Moran v. Glen Alden Coal Co.

36 A.2d 845 | Pa. Super. Ct. | 1944

Argued, March 6, 1944. The claimant sought compensation for an injury on July 10, 1941, which he alleged totally disabled him from July 10, 1941 to July 28, 1941, and caused a disfigurement. At the hearing before the referee it developed *609 that, in addition to that accident, claimant had sustained injuries in two accidents prior thereto, on May 12 and May 15, 1941, and one accident thereafter, on October 1, 1941. Separate compensation agreements were executed after each of these three accidents. For the May 12th accident, claimant and his employer agreed to compensation for disfigurement at $15.42 per week for nine weeks, from May 29, 1941 to July 31, 1941; for the May 15th accident to compensation for disfigurement at $15.42 per week from May 22, 1941 to May 29, 1941; and for the October 1st accident to compensation for the loss of the industrial use of the right index finger at $17.38 per week for thirty-five weeks, from October 9, 1941 to June 11, 1942. Payments under all these agreements have been made.

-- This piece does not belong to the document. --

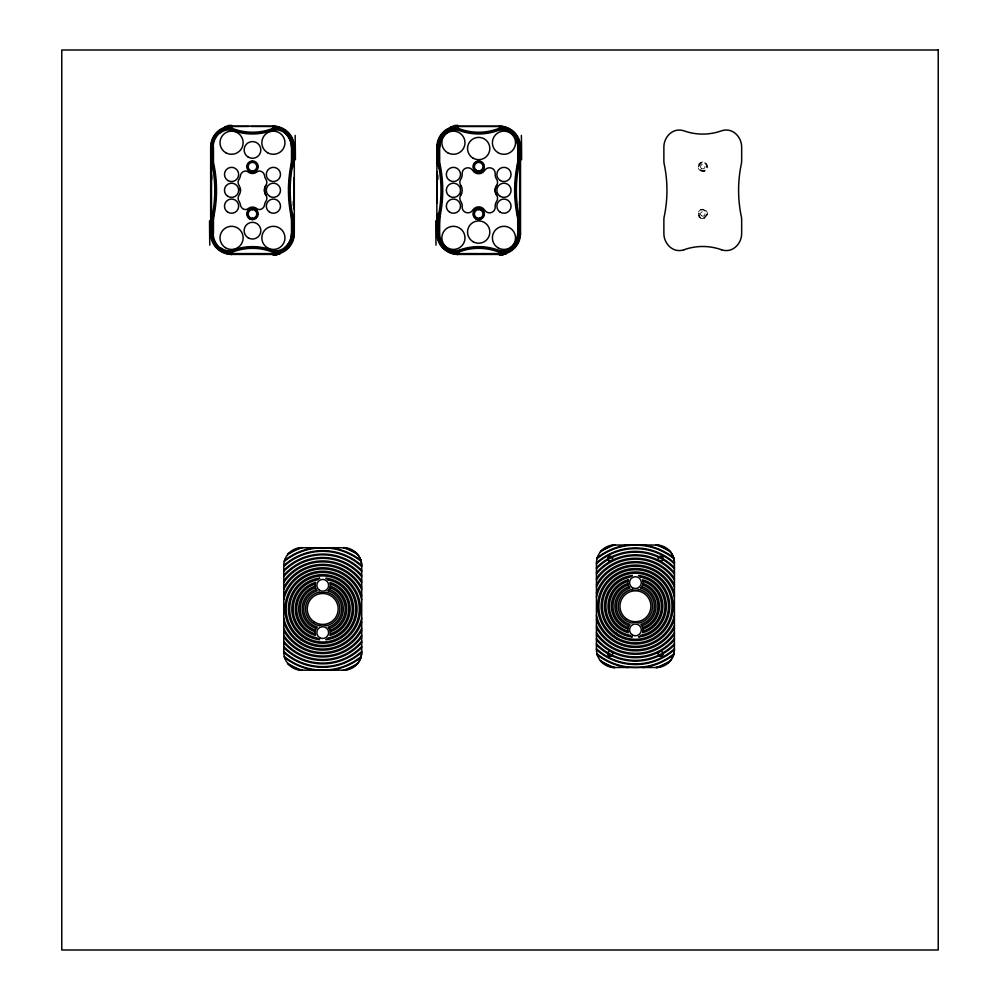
<?xml version="1.0" encoding="UTF-8"?>
<svg xmlns="http://www.w3.org/2000/svg" width="1000" height="1000" viewBox="0 0 1000 1000"><rect width="100%" height="100%" fill="white"/><g stroke="black" fill="none" stroke-linecap="round" stroke-linejoin="round"><path stroke-width="0.75" stroke-dasharray="5 3.75" d="M698.587 166.663C708.3 150.863 709.65 182.188 698.6 167.037M706.95 213.938C696.175 229.95 697.125 197.838 706.95 213.938A4.188 4.188 0 0 1 700.675 217.562A4.188 4.188 0 0 1 700.675 210.312A4.188 4.188 0 0 1 706.95 213.938L706.938 213.562M700.362 170.075A4.188 4.188 0 0 0 706.938 167.037A4.188 4.188 0 0 0 701.012 162.862A4.188 4.188 0 0 0 700.362 170.075M701.488 168.475A2.225 2.225 0 0 0 704.987 166.863A2.225 2.225 0 0 0 701.838 164.638A2.225 2.225 0 0 0 701.488 168.475M701.488 215.763A2.225 2.225 0 0 0 704.987 214.137A2.225 2.225 0 0 0 701.838 211.912A2.225 2.225 0 0 0 701.488 215.763M700.238 217.925A4.713 4.713 0 0 0 707.487 214.175A4.713 4.713 0 0 0 700.612 209.762A4.713 4.713 0 0 0 700.238 217.925M700.238 170.637A4.713 4.713 0 0 0 707.487 166.887A4.713 4.713 0 0 0 700.612 162.488A4.713 4.713 0 0 0 700.238 170.637"/><path stroke-width="1.5" d="M210.938 171.612L210.938 202.987M210.987 163.388L211.15 147.088A20.412 20.412 0 0 1 225.138 127.7L225.087 127.575M252.488 162.338L252.488 160.938M294.025 208.988L294.025 177.613M437.15 171.612L437.15 202.987M478.688 160.938L478.688 162.338L478.688 161.6M520.225 208.988L520.237 177.613M291.288 167.463L291.262 167.6A128.663 128.663 0 0 0 291.238 212.887L292.45 233.512A19.05 19.05 0 0 1 279.188 251.663A8.125 8.125 0 0 1 276.413 252.013L272.975 251.287A56.837 56.837 0 0 0 232.037 251.213A11.225 11.225 0 0 1 228.75 252.025L228.15 252.037A7.987 7.987 0 0 1 225.775 251.675A19.05 19.05 0 0 1 212.512 233.512L213.663 213.2M210.8 215.75L212.8 212.725L213.725 212.887A128.663 128.663 0 0 0 213.725 167.7L213.2 164.562A59 59 0 0 1 212.475 156.263L212.512 147.088A19.05 19.05 0 0 1 225.775 128.925A9.075 9.075 0 0 1 230 128.763L231.988 129.3A56.837 56.837 0 0 0 272.925 129.375A12.175 12.175 0 0 1 274.575 128.825L276.8 128.562A7.987 7.987 0 0 1 279.175 128.925A19.05 19.05 0 0 1 292.45 147.088L291.325 167.262M506.075 127.575L505.4 128.925A19.05 19.05 0 0 1 518.65 147.088L517.475 167.6A128.663 128.663 0 0 0 517.45 212.887L518.65 233.512A19.05 19.05 0 0 1 505.4 251.663A8.125 8.125 0 0 1 502.625 252.013L499.113 251.262A56.837 56.837 0 0 0 458.25 251.213A11.225 11.225 0 0 1 454.963 252.025L454.35 252.037A7.987 7.987 0 0 1 451.987 251.675A19.05 19.05 0 0 1 438.725 233.512L439.875 213.2M212.8 212.725A127.463 127.45 0 0 0 212.8 167.862L210.975 163.663M292.213 167.625L292.188 167.763A127.463 127.45 0 0 0 292.162 212.725L293.988 216.938M436.95 215.8L439 212.725A127.463 127.45 0 0 0 439.012 167.862L437.188 163.663M517.463 167.675L518.387 167.763A127.463 127.45 0 0 0 518.362 212.725L520.2 216.938M293.975 217.213L293.812 233.512A20.412 20.412 0 0 1 279.825 252.887L279.188 251.663M437.188 163.388L437.362 147.088A20.412 20.412 0 0 1 451.337 127.7L451.3 127.575M520.188 217.213L520.025 233.512A20.412 20.412 0 0 1 506.037 252.887L505.4 251.663M292.225 167.537L293.238 147.088A19.85 19.85 0 0 0 279.425 128.175A9.137 9.125 30.9 0 0 276.8 127.737L274.425 127.925A13.05 13.037 26.5 0 0 272.562 128.45L272.9 129.338M518.425 167.562L519.45 147.088A19.85 19.85 0 0 0 505.637 128.175A9.137 9.125 30.9 0 0 503.013 127.737L500.688 127.925A13.05 13.037 26.5 0 0 498.775 128.45A55.625 55.625 0 0 1 458.587 128.488L456.463 127.875A10.15 10.137 -31.6 0 0 451.725 128.138L451.987 128.925A19.05 19.05 0 0 0 438.725 147.088L438.725 156.263A59 59 0 0 0 439.438 164.562L439.925 167.7A128.663 128.663 0 0 1 439.938 212.887L439 212.725M212.75 213.038L211.725 233.512A19.85 19.85 0 0 0 225.538 252.413L225.512 252.45A9.125 9.113 30.9 0 0 228.137 252.862L228.8 252.862A12.175 12.15 26.8 0 0 232.4 252.138L232.062 251.262M438.95 213.038L437.938 233.512A19.85 19.85 0 0 0 451.737 252.413L451.712 252.45A9.125 9.113 30.9 0 0 454.35 252.862L455.012 252.862A12.175 12.15 26.8 0 0 458.6 252.138L458.263 251.262M291.25 167.65L292.162 167.862L294.25 164.775M285.012 559.212L284.3 561.375A61.15 61.15 0 0 1 361.138 561.375L360.462 559.288M360.438 658.7L361.138 656.538A61.15 61.15 0 0 1 284.3 656.538L285.012 658.7M597.725 556.512L597.025 558.675A61.15 61.15 0 0 1 673.85 558.675L673.175 556.587M673.175 655.938L673.85 653.838A61.15 61.15 0 0 1 597.025 653.838L597.725 656.012M225.538 252.413L225.775 251.663M279.188 128.925L279.875 127.575M451.737 252.413L451.987 251.663M673.55 654.9L673.575 654.825A61.75 61.75 0 0 1 642.875 667.562M227.838 253.65A10.475 4.662 17.5 0 1 225.113 252.95L225.463 252.5M451.662 252.5L451.3 253.025A10.475 4.662 17.5 0 0 454.038 253.65M232.062 129.338L231.325 126.538A1.675 0.95 87.7 0 0 230.725 126.188L274.237 126.188A1.675 0.95 -87.7 0 0 273.637 126.538L272.562 128.438M273.387 126.175A20.913 20.913 0 0 1 294.3 147.088L294.3 233.512A20.913 20.913 0 0 1 273.387 254.425L274.212 254.412A1.675 0.95 87.7 0 1 273.637 254.062L272.975 251.287M451.975 128.887A9.075 9.075 0 0 1 456.213 128.763L458.263 129.338L457.537 126.538A1.688 0.95 87.7 0 0 456.938 126.188L500.45 126.188A1.675 0.95 -87.7 0 0 499.837 126.538L499.113 129.338A12.175 12.175 0 0 1 500.775 128.825L503.013 128.562A7.987 7.987 0 0 1 505.375 128.925M499.712 254.425L500.425 254.412A1.675 0.95 87.7 0 1 499.837 254.062L499.113 251.262M461.538 193.637L460.763 195.113A5.575 5.575 0 0 0 460.737 201.3A8.838 8.838 0 0 1 462.188 206.838A5.575 5.575 0 0 0 467.738 212.825L467.912 212.825A5.575 5.575 0 0 0 472.663 210.188A7.1 7.1 0 0 1 484.738 210.188A5.575 5.575 0 0 0 489.487 212.825L489.637 212.825A5.575 5.575 0 0 0 495.2 206.838A8.838 8.838 0 0 1 496.637 201.3A5.575 5.575 0 0 0 496.637 195.15A8.725 8.725 0 0 1 496.65 185.425A5.575 5.575 0 0 0 496.637 179.288A8.838 8.838 0 0 1 495.2 173.775A5.575 5.575 0 0 0 489.637 167.8L489.45 167.8A5.575 5.575 0 0 0 484.712 170.425A7.1 7.1 0 0 1 472.65 170.425A5.575 5.575 0 0 0 467.912 167.8L467.75 167.8A5.575 5.575 0 0 0 462.188 173.775A8.85 8.85 0 0 1 460.737 179.288A5.575 5.575 0 0 0 460.737 185.45A8.662 8.662 0 0 1 460.737 195.113L460.763 195.113M232.4 252.15L231.325 254.062A1.675 0.95 -87.7 0 1 230.725 254.412L273.45 254.425L273.387 253.588A20.075 20.075 0 0 0 274.887 253.538M458.612 252.15L457.537 254.062A1.675 0.95 -87.7 0 1 456.938 254.412L499.6 254.425A20.913 20.913 0 0 0 520.513 233.512L520.513 147.088A20.913 20.913 0 0 0 499.6 126.175M518.488 167.688L520.45 164.775M496.637 185.45L495.838 186.962A8.662 8.662 0 0 0 495.838 193.625L496.637 195.15M211.65 224.438L212.512 224.338M211.225 225.075L211.15 233.512A20.412 20.412 0 0 0 225.138 252.887M283.725 652.325A58.312 58.312 0 0 0 361.712 652.325A18.35 18.35 0 0 1 357.8 663.3L356.625 664.65A65.2 65.2 0 0 1 345.15 670.175L300.3 670.175A65.2 65.2 0 0 1 288.812 664.65L287.625 663.275A64.675 64.675 0 0 0 302.113 670.263M614.825 667.562A64.675 64.675 0 0 1 600.35 660.575L601.538 661.95A65.2 65.2 0 0 0 613.013 667.487L657.75 667.487A65.2 65.2 0 0 0 669.338 661.95L670.525 660.575A18.35 18.35 0 0 0 674.425 649.625A58.312 58.312 0 0 1 596.45 649.625M210.888 215.7L210.963 216.325M437.125 215.688L437.2 217.35M226.475 126.8L227.213 126.625M452.688 126.8L453.425 126.625M278.438 253.8L277.8 253.95M504.65 253.8L503.963 253.962M213.725 167.7L212.8 167.862L212.312 164.688A58.7 58.688 -42 0 1 211.688 156.263L211.725 147.088A19.85 19.85 0 0 1 225.538 128.175A10.15 10.137 -31.6 0 1 230.175 127.888L232.4 128.438A55.625 55.625 0 0 0 272.575 128.488M439.925 167.7L439 167.862L438.525 164.688A58.7 58.688 -42 0 1 437.9 156.263L437.938 147.088A19.85 19.85 0 0 1 451.737 128.175L451.337 127.7M291.238 212.887L292.162 212.725L292.962 218.512A62.45 62.438 -43.8 0 1 293.075 219.862L293.238 233.512A19.85 19.85 0 0 1 279.425 252.413M517.45 212.887L518.375 212.725L519.175 218.512A62.45 62.438 -43.8 0 1 519.288 219.862L519.45 233.512A19.85 19.85 0 0 1 505.637 252.413M249.163 126.45L232.087 126.512A1.675 0.862 90 0 0 231.575 126.175A20.913 20.913 0 0 0 210.662 147.088L210.662 233.512A20.913 20.913 0 0 0 231.575 254.425A1.688 0.862 -90 0 0 232.087 254.075L250.487 254.15M596.45 562.888A58.312 58.312 0 0 1 674.425 562.888A18.35 18.35 0 0 0 670.525 551.938L669.338 550.562A65.2 65.2 0 0 0 657.862 545.037L613.013 545.037A65.2 65.2 0 0 0 601.538 550.562L600.35 551.938A64.675 64.675 0 0 1 614.825 544.963M283.725 565.588A58.312 58.312 0 0 1 361.712 565.588A18.35 18.35 0 0 0 357.812 554.637L356.625 553.263A65.2 65.2 0 0 0 345.15 547.737L300.3 547.737A65.2 65.2 0 0 0 288.812 553.263L287.625 554.637A64.675 64.675 0 0 1 302.113 547.663M656.2 667.562L656.3 667.562A18.25 18.25 0 0 0 674.412 649.275L674.425 563.237A18.25 18.25 0 0 0 656.2 544.95M251.15 126.45L272.875 126.512A1.688 0.862 -90 0 1 273.387 126.175M210.662 147.088L212.512 147.088M292.45 147.088L294.3 147.088M501.1 253.538A20.075 20.075 0 0 1 499.6 253.588L499.6 254.425A1.675 0.862 90 0 1 499.075 254.088L458.3 254.088A1.688 0.862 -90 0 1 457.775 254.425A20.913 20.913 0 0 1 436.863 233.512L436.863 147.088L438.725 147.088M518.65 147.088L520.513 147.088M211.012 155.412L212.512 156.263M293.95 155.412L293.812 147.088A20.412 20.412 0 0 0 279.825 127.7A10.475 4.662 17.5 0 0 277.125 126.95M437.225 155.412L438.725 156.263M520.15 155.412L520.025 147.088A20.412 20.412 0 0 0 506.037 127.7A10.475 4.662 17.5 0 0 503.338 126.95M292.45 156.263L293.738 155.512L293.975 163.088M518.65 156.263L519.95 155.512L520.2 163.825M247.425 166.65L248.162 166.65M256.8 166.65A4.325 4.325 0 0 0 250.325 162.913A4.325 4.325 0 0 0 250.325 170.4A4.325 4.325 0 0 0 256.8 166.65L257.538 166.65M247.425 213.938L248.162 213.938M256.8 213.938A4.325 4.325 0 0 0 250.325 210.2A4.325 4.325 0 0 0 250.325 217.688A4.325 4.325 0 0 0 256.8 213.938L257.538 213.938M292.45 224.338L293.95 225.188M438.725 224.338L437.4 225.138L437.362 233.512A20.412 20.412 0 0 0 451.337 252.887M518.65 224.338L520.15 225.188M211.012 225.188L210.975 216.6M437.225 225.188L437.2 217.512M210.662 233.512L212.512 233.512M292.45 233.512L294.3 233.512M436.863 233.512L438.725 233.512M518.65 233.512L520.513 233.512M230.075 253.538A20.075 20.075 0 0 0 231.575 253.588L273.387 253.588M456.275 253.538A20.075 20.075 0 0 0 457.775 253.588L499.6 253.588M251.15 254.15L272.875 254.088A1.675 0.862 90 0 0 273.387 254.425M501.812 126.287L502.488 126.375M275.613 126.287L276.275 126.375M455.562 254.312L454.9 254.225M498.775 252.15L502.587 252.875A9.262 9.25 -31.6 0 0 505.637 252.425L505.688 252.475M272.562 252.15L276.375 252.875A9.262 9.25 -31.6 0 0 279.425 252.425M225.138 127.7L225.775 128.925M460.737 185.45L461.538 186.962M480.15 170.725L480.625 172.037M480.025 218.05L480.462 219.375M253.812 170.763L254.25 172.087M673.55 557.612L673.575 557.688A61.75 61.75 0 0 0 642.875 544.963M240.35 188.725L240.487 190.3M520.212 164.275L520.225 164.925M293.975 163.25L293.988 164.037M294 164.275L294.012 164.925M497.488 249.938A13.938 13.938 0 0 0 510.775 247.775A18.125 18.125 0 0 0 517.725 233.512L517.725 219.6A13.938 13.938 0 0 0 517.425 216.713A127.638 127.638 0 0 1 517.425 163.875A13.938 13.938 0 0 0 517.725 160.987L517.725 147.088A18.125 18.125 0 0 0 510.788 132.825A13.938 13.938 0 0 0 497.488 130.662A55.788 55.788 0 0 1 459.862 130.7A13.938 13.938 0 0 0 446.6 132.812A18.125 18.125 0 0 0 439.663 147.088L439.663 161A13.938 13.938 0 0 0 439.975 163.938A127.638 127.638 0 0 1 439.963 216.713A13.938 13.938 0 0 0 439.663 219.6L439.663 233.512A18.125 18.125 0 0 0 446.6 247.775A13.938 13.938 0 0 0 459.9 249.938M478.688 170.975L478.688 171.713M478.688 208.225L478.688 209.613M457.775 253.588L457.775 254.425M233.65 130.7A55.788 55.788 0 0 0 271.288 130.7A13.938 13.938 0 0 1 284.575 132.812A18.137 18.137 0 0 1 291.512 147.088L291.512 160.987A13.938 13.938 0 0 1 291.212 163.875A127.638 127.638 0 0 0 291.212 216.713A13.938 13.938 0 0 1 291.512 219.6L291.512 233.512A18.125 18.125 0 0 1 284.575 247.775A13.938 13.938 0 0 1 271.275 249.938M252.488 208.225L252.488 209.613M252.488 218.263L252.488 219.65M231.575 253.588L231.575 254.425M213.45 147.088L213.45 160.987A13.938 13.938 0 0 0 213.75 163.875A127.638 127.638 0 0 1 213.75 216.713A13.938 13.938 0 0 0 213.45 219.6L213.45 233.512M211.5 147.088L211.5 233.512M614.675 544.95A18.25 18.25 0 0 0 596.462 563.237L596.438 649.275A18.25 18.25 0 0 0 614.675 667.575M674.425 627.9A44.6 44.6 0 0 1 596.438 627.9M596.438 584.612A44.6 44.6 0 0 1 674.425 584.612M674.425 625.725A43.587 43.587 0 0 1 596.438 625.725M596.438 586.788A43.587 43.587 0 0 1 674.425 586.788M674.425 632.675A47.1 47.1 0 0 1 596.438 632.675M596.438 579.85A47.1 47.1 0 0 1 674.425 579.85M674.425 619.45A41.163 41.163 0 0 1 596.438 619.45M596.438 593.062A41.163 41.163 0 0 1 674.425 593.062M670.525 660.575A64.675 64.675 0 0 1 656.05 667.562M656.05 544.963A64.675 64.675 0 0 1 670.525 551.938M628 667.562A61.75 61.75 0 0 1 597.3 654.825M597.3 557.688A61.75 61.75 0 0 1 628 544.963M674.425 648.713A57.638 57.638 0 0 1 596.438 648.713M596.438 563.812A57.638 57.638 0 0 1 674.425 563.812M674.425 644.887A54.887 54.887 0 0 1 596.438 644.887M596.438 567.625A54.887 54.887 0 0 1 674.425 567.625M674.425 634.3A48.025 48.025 0 0 1 596.438 634.3M596.438 578.225A48.025 48.025 0 0 1 674.425 578.225M674.425 638.525A50.613 50.613 0 0 1 596.438 638.525M596.438 573.987A50.613 50.613 0 0 1 674.425 573.987M674.425 615.475A40.062 40.062 0 0 1 596.438 615.475M596.438 597.05A40.062 40.062 0 0 1 674.425 597.05M674.425 643.8A54.125 54.125 0 0 1 596.438 643.8M596.438 568.725A54.125 54.125 0 0 1 674.425 568.725M674.425 639.837A51.463 51.463 0 0 1 596.438 639.837M596.438 572.688A51.463 51.463 0 0 1 674.425 572.688M643.112 583.513A24.013 24.013 0 0 1 643.112 629.012M627.75 629.012A24.013 24.013 0 0 1 627.75 583.513M642.788 585A22.5 22.5 0 0 1 642.788 627.513M628.075 627.513A22.5 22.5 0 0 1 628.075 585M641.975 586.737A20.587 20.587 0 0 1 641.975 625.775M628.9 625.775A20.587 20.587 0 0 1 628.9 586.737M643.075 581.4A26.012 26.012 0 0 1 643.075 631.125M627.8 631.125A26.012 26.012 0 0 1 627.8 581.4M343.488 547.638A18.25 18.25 0 0 1 361.7 565.938L361.712 651.975A18.25 18.25 0 0 1 343.488 670.275M301.962 670.275A18.25 18.25 0 0 1 283.75 651.975L283.725 565.938A18.25 18.25 0 0 1 301.962 547.638M361.712 630.6A44.6 44.6 0 0 1 283.725 630.6M283.725 587.312A44.6 44.6 0 0 1 361.712 587.312M361.712 628.425A43.587 43.587 0 0 1 283.725 628.425M283.725 589.487A43.587 43.587 0 0 1 361.712 589.487M361.712 635.375A47.1 47.1 0 0 1 283.725 635.375M283.725 582.55A47.1 47.1 0 0 1 361.712 582.55M361.712 622.15A41.163 41.163 0 0 1 283.725 622.15M283.725 595.763A41.163 41.163 0 0 1 361.712 595.763M361.712 651.413A57.638 57.638 0 0 1 283.725 651.413M283.725 566.512A57.638 57.638 0 0 1 361.712 566.512M361.712 647.588A54.887 54.887 0 0 1 283.725 647.588M283.725 570.325A54.887 54.887 0 0 1 361.712 570.325M357.812 663.275A64.675 64.675 0 0 1 343.325 670.263M343.325 547.663A64.675 64.675 0 0 1 357.812 554.637M360.863 657.525A61.75 61.75 0 0 1 330.163 670.263M315.287 670.263A61.75 61.75 0 0 1 284.587 657.525M284.587 560.388A61.75 61.75 0 0 1 315.287 547.663M330.163 547.663A61.75 61.75 0 0 1 360.863 560.388M361.712 636.987A48.025 48.025 0 0 1 283.725 636.987M283.725 580.925A48.025 48.025 0 0 1 361.712 580.925M361.712 641.225A50.613 50.613 0 0 1 283.725 641.225M283.725 576.688A50.613 50.613 0 0 1 361.712 576.688M361.712 646.5A54.125 54.125 0 0 1 283.725 646.5M283.725 571.413A54.125 54.125 0 0 1 361.712 571.413M361.712 642.537A51.463 51.463 0 0 1 283.725 642.537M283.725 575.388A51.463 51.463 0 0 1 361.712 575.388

The referee found that claimant, as the result of the accident of July 10, 1941, was totally disabled from that date to and including July 27, 1941, and also sustained a facial disfigurement. He awarded compensation for the disfigurement at $16.86 per week for fifteen weeks from July 17, 1941 to October 30, 1941. The defendant appealed to the board, contending that because the fifteen-week period partially overlapped and coincided with the periods during which compensation had been paid for the May 12th and the October 1st accidents, the award, when added to the compensation already paid, would give the claimant more than the statutory maximum of $18 per week. It argued that to reduce the payments to $18 per week for the overlapping periods, the award should be so modified that claimant would receive $2.58 per week from July 17, 1941 to July 31, 1941, and sixty-two cents per week from October 9, 1941 to October 30, 1941. The board vacated the referee's award, under which payments were to begin seven days after the disability arose, and substituted an award for the same period and at the same rate, but beginning June 11, 1942, the date *610 of the last payment provided for by the compensation agreements. After the action of the board was affirmed by the court below, this appeal was taken.

All of the accidents are compensable under § 306(c) of the Workmen's Compensation Act as amended by the Act of June 21, 1939, P.L. 520, § 1, 77 P. S. § 513. The question thus presented is whether the periods established by § 306(c) run concurrently or consecutively; or to state it in other terms, whether commencement of payment of compensation for a § 306(c) injury may be postponed until the cessation of payments under other valid awards or agreements for separately sustained injuries in the same category.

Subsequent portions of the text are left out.